Largest Salmonella Outbreak in History Still Mystery
Seven weeks into the Salmonella Outbreak investigation and federal health officials are still finding it difficult to pinpoint the method of delivery. Cilantro and jalapenos are now under the same suspicious umbrella as tomatoes. Many find it is easy to fault the Food and Drug Administration and the Centers for Disease Control for their inability to zero in on the source and food type of contamination.
“This has gone on longer and has been more complicated than anything I've worked on at FDA,” expressed Dr. David Acheson the FDA’s food safety chief told AP Television. Many are comparing the spinach E.coli outbreak from 2006, but officials say this is different. The spinach affected was packaged with a barcode, the cilantro, tomatoes and jalapenos are sold as fresh produce with no barcode. “We really, really got spoiled, if you will, with the spinach outbreak,” Dr. Robert Tauxe, food safety chief at the Centers for Disease Control and Prevention, told The Associated Press. In the spinach outbreak victims could remember what they ate, but in this episode the stricken have difficulty remembering as well as differing food items. They say, "'Well, I'm not sure, I may have had guacamole, or a garnish," Tauxe said.
This latest salmonella outbreak has lasted an unusually long time, with a record of 1,065 confirmed cases, the latest found on June 26. The toll of this outbreak far surpasses recent outbreaks of any foodborne disease: salmonella in peanut butter in 2005, hepatitis A from green onions in 2003 and the spinach outbreak of 2005. The tainting has yet to break the cyclospora-spoiled raspberries from the mid-1990s. The current FDA search is looking to connections between jalapenos and tomatoes. The CDC just finished comparing 144 people who got sick in June with 287 people who live near them but didn't fall ill.
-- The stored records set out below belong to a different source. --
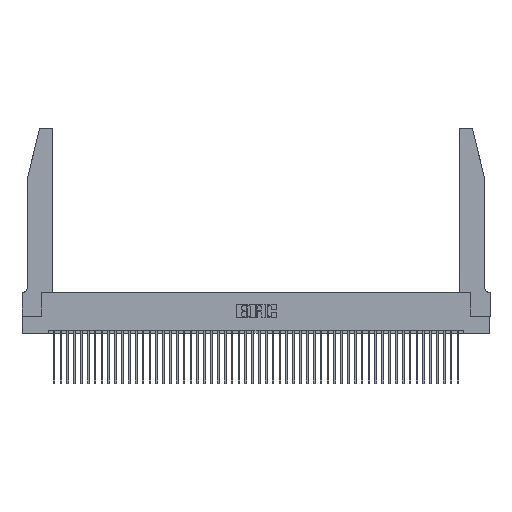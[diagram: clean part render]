
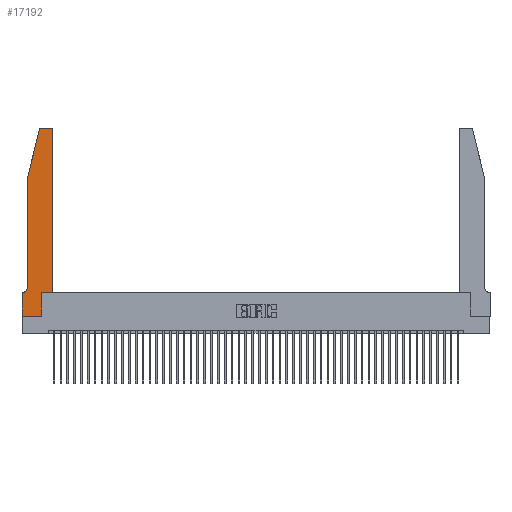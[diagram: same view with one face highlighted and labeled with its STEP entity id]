
A CAD part, top view. The second image highlights one B-rep face of the part: STEP entity #17192.
In plain terms, the highlighted planar face has unit normal (0, 0, 1).
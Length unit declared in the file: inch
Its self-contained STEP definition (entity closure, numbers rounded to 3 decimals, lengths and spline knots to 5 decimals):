
#709 = CARTESIAN_POINT ( 'NONE',  ( 0.0055, 0.35, 0.37 ) ) ;
#1334 = VERTEX_POINT ( 'NONE', #17856 ) ;
#1454 = DIRECTION ( 'NONE',  ( 0., 0., 1. ) ) ;
#1949 = VECTOR ( 'NONE', #31287, 39.37008 ) ;
#2000 = LINE ( 'NONE', #42857, #31473 ) ;
#2112 = CARTESIAN_POINT ( 'NONE',  ( 0.0755, 0.42, 0.37 ) ) ;
#2905 = LINE ( 'NONE', #25197, #42427 ) ;
#3400 = CARTESIAN_POINT ( 'NONE',  ( 0.284, 2.75, 0.37 ) ) ;
#3565 = DIRECTION ( 'NONE',  ( 0., 0., 1. ) ) ;
#5052 = CARTESIAN_POINT ( 'NONE',  ( 0.4505, 0.35, 0.37 ) ) ;
#5247 = ORIENTED_EDGE ( 'NONE', *, *, #37856, .T. ) ;
#6279 = CARTESIAN_POINT ( 'NONE',  ( 0., 0., 0.37 ) ) ;
#6341 = DIRECTION ( 'NONE',  ( 0., -1., 0. ) ) ;
#6356 = VECTOR ( 'NONE', #6341, 39.37008 ) ;
#6423 = EDGE_CURVE ( 'NONE', #47663, #17350, #17874, .T. ) ;
#6838 = DIRECTION ( 'NONE',  ( -1., 0., 0. ) ) ;
#6998 = EDGE_CURVE ( 'NONE', #31623, #1334, #33297, .T. ) ;
#8798 = VECTOR ( 'NONE', #24760, 39.37008 ) ;
#8856 = ORIENTED_EDGE ( 'NONE', *, *, #35631, .T. ) ;
#9853 = CARTESIAN_POINT ( 'NONE',  ( 0.2865, 0.35, 0.37 ) ) ;
#10298 = CARTESIAN_POINT ( 'NONE',  ( 0.2865, 0.35, 0.37 ) ) ;
#10695 = ORIENTED_EDGE ( 'NONE', *, *, #48126, .T. ) ;
#11778 = EDGE_CURVE ( 'NONE', #17350, #31623, #32366, .T. ) ;
#12378 = CARTESIAN_POINT ( 'NONE',  ( 0.4205, 2.75, 0.37 ) ) ;
#13437 = CARTESIAN_POINT ( 'NONE',  ( 0.0755, 0.35, 0.37 ) ) ;
#13764 = DIRECTION ( 'NONE',  ( -1., 0., 0. ) ) ;
#15891 = CARTESIAN_POINT ( 'NONE',  ( 0.2865, 0., 0.37 ) ) ;
#16508 = VERTEX_POINT ( 'NONE', #5052 ) ;
#16791 = CARTESIAN_POINT ( 'NONE',  ( 0.0055, 0.42, 0.37 ) ) ;
#16867 = CARTESIAN_POINT ( 'NONE',  ( 0.4205, 2.72, 0.37 ) ) ;
#17192 = ADVANCED_FACE ( 'NONE', ( #36005 ), #20682, .T. ) ;
#17350 = VERTEX_POINT ( 'NONE', #2112 ) ;
#17856 = CARTESIAN_POINT ( 'NONE',  ( 0., 0.35, 0.37 ) ) ;
#17874 = LINE ( 'NONE', #21679, #6356 ) ;
#19489 = CIRCLE ( 'NONE', #39864, 0.03 ) ;
#19946 = ORIENTED_EDGE ( 'NONE', *, *, #46154, .T. ) ;
#19947 = ORIENTED_EDGE ( 'NONE', *, *, #26192, .T. ) ;
#20143 = ORIENTED_EDGE ( 'NONE', *, *, #39412, .T. ) ;
#20575 = DIRECTION ( 'NONE',  ( -1., 0., 0. ) ) ;
#20661 = DIRECTION ( 'NONE',  ( 1., 0., 0. ) ) ;
#20682 = PLANE ( 'NONE',  #29750 ) ;
#20746 = DIRECTION ( 'NONE',  ( 1., 0., 0. ) ) ;
#21679 = CARTESIAN_POINT ( 'NONE',  ( 0.0755, 2., 0.37 ) ) ;
#23675 = LINE ( 'NONE', #27465, #1949 ) ;
#24662 = VERTEX_POINT ( 'NONE', #29394 ) ;
#24760 = DIRECTION ( 'NONE',  ( 0., 1., 0. ) ) ;
#25197 = CARTESIAN_POINT ( 'NONE',  ( 0.4505, 0.35, 0.37 ) ) ;
#25849 = CARTESIAN_POINT ( 'NONE',  ( 0.2605, 2.75, 0.37 ) ) ;
#26192 = EDGE_CURVE ( 'NONE', #47055, #45680, #28793, .T. ) ;
#26636 = CARTESIAN_POINT ( 'NONE',  ( 0.284, 2.72, 0.37 ) ) ;
#26739 = VERTEX_POINT ( 'NONE', #12378 ) ;
#27465 = CARTESIAN_POINT ( 'NONE',  ( 0., 0., 0.37 ) ) ;
#27965 = DIRECTION ( 'NONE',  ( -0.239, -0.971, 0. ) ) ;
#28382 = DIRECTION ( 'NONE',  ( 1., 0., 0. ) ) ;
#28793 = LINE ( 'NONE', #43519, #48861 ) ;
#29222 = LINE ( 'NONE', #47417, #8798 ) ;
#29394 = CARTESIAN_POINT ( 'NONE',  ( 0.25487, 2.72718, 0.37 ) ) ;
#29750 = AXIS2_PLACEMENT_3D ( 'NONE', #47204, #1454, #28382 ) ;
#29757 = VECTOR ( 'NONE', #32762, 39.37008 ) ;
#29803 = VERTEX_POINT ( 'NONE', #3400 ) ;
#29984 = EDGE_CURVE ( 'NONE', #24662, #47663, #2000, .T. ) ;
#30072 = CIRCLE ( 'NONE', #34719, 0.03 ) ;
#30455 = DIRECTION ( 'NONE',  ( 1., 0., 0. ) ) ;
#31287 = DIRECTION ( 'NONE',  ( 0., -1., 0. ) ) ;
#31473 = VECTOR ( 'NONE', #27965, 39.37008 ) ;
#31623 = VERTEX_POINT ( 'NONE', #709 ) ;
#32166 = AXIS2_PLACEMENT_3D ( 'NONE', #16791, #43340, #20575 ) ;
#32366 = CIRCLE ( 'NONE', #32166, 0.07 ) ;
#32762 = DIRECTION ( 'NONE',  ( 0., 1., 0. ) ) ;
#33297 = LINE ( 'NONE', #13437, #42164 ) ;
#33871 = VECTOR ( 'NONE', #6838, 39.37008 ) ;
#34494 = VERTEX_POINT ( 'NONE', #10298 ) ;
#34719 = AXIS2_PLACEMENT_3D ( 'NONE', #16867, #43427, #20661 ) ;
#35631 = EDGE_CURVE ( 'NONE', #45680, #34494, #39830, .T. ) ;
#35758 = ORIENTED_EDGE ( 'NONE', *, *, #11778, .T. ) ;
#35767 = ORIENTED_EDGE ( 'NONE', *, *, #6998, .T. ) ;
#35786 = EDGE_LOOP ( 'NONE', ( #19946, #20143, #45827, #48305, #35758, #35767, #39426, #19947, #8856, #48080, #5247, #10695 ) ) ;
#36005 = FACE_OUTER_BOUND ( 'NONE', #35786, .T. ) ;
#37856 = EDGE_CURVE ( 'NONE', #16508, #48967, #29222, .T. ) ;
#39412 = EDGE_CURVE ( 'NONE', #29803, #24662, #19489, .T. ) ;
#39426 = ORIENTED_EDGE ( 'NONE', *, *, #39598, .T. ) ;
#39598 = EDGE_CURVE ( 'NONE', #1334, #47055, #23675, .T. ) ;
#39830 = LINE ( 'NONE', #9853, #29757 ) ;
#39864 = AXIS2_PLACEMENT_3D ( 'NONE', #26636, #3565, #30455 ) ;
#40813 = CARTESIAN_POINT ( 'NONE',  ( 0.0755, 2., 0.37 ) ) ;
#41858 = EDGE_CURVE ( 'NONE', #34494, #16508, #2905, .T. ) ;
#42164 = VECTOR ( 'NONE', #13764, 39.37008 ) ;
#42427 = VECTOR ( 'NONE', #47846, 39.37008 ) ;
#42857 = CARTESIAN_POINT ( 'NONE',  ( 0.0755, 2., 0.37 ) ) ;
#43340 = DIRECTION ( 'NONE',  ( 0., 0., -1. ) ) ;
#43427 = DIRECTION ( 'NONE',  ( 0., 0., 1. ) ) ;
#43519 = CARTESIAN_POINT ( 'NONE',  ( 0., 0., 0.37 ) ) ;
#43925 = LINE ( 'NONE', #25849, #33871 ) ;
#45680 = VERTEX_POINT ( 'NONE', #15891 ) ;
#45827 = ORIENTED_EDGE ( 'NONE', *, *, #29984, .T. ) ;
#46154 = EDGE_CURVE ( 'NONE', #26739, #29803, #43925, .T. ) ;
#47055 = VERTEX_POINT ( 'NONE', #6279 ) ;
#47204 = CARTESIAN_POINT ( 'NONE',  ( 0., 0.35, 0.37 ) ) ;
#47417 = CARTESIAN_POINT ( 'NONE',  ( 0.4505, 0.35, 0.37 ) ) ;
#47446 = CARTESIAN_POINT ( 'NONE',  ( 0.4505, 2.72, 0.37 ) ) ;
#47663 = VERTEX_POINT ( 'NONE', #40813 ) ;
#47846 = DIRECTION ( 'NONE',  ( 1., 0., 0. ) ) ;
#48080 = ORIENTED_EDGE ( 'NONE', *, *, #41858, .T. ) ;
#48126 = EDGE_CURVE ( 'NONE', #48967, #26739, #30072, .T. ) ;
#48305 = ORIENTED_EDGE ( 'NONE', *, *, #6423, .T. ) ;
#48861 = VECTOR ( 'NONE', #20746, 39.37008 ) ;
#48967 = VERTEX_POINT ( 'NONE', #47446 ) ;

Perhaps there are farms that grew tomatoes earlier in the spring and then switched to pepper harvesting, or distribution centers that handled both types of produce and contaminated incoming produce, Acheson said.
The government's asking the public to continue avoiding certain raw tomatoes, red round, plum and Roma unless they were grown in areas cleared of suspicion. The CDC is advising that people at highest risk of severe illness from salmonella should not eat raw jalapeno and serrano peppers with the most vulnerable being the elderly, those with weak immune systems and infants. Serranos are on the list because they're hard to distinguish from jalapenos.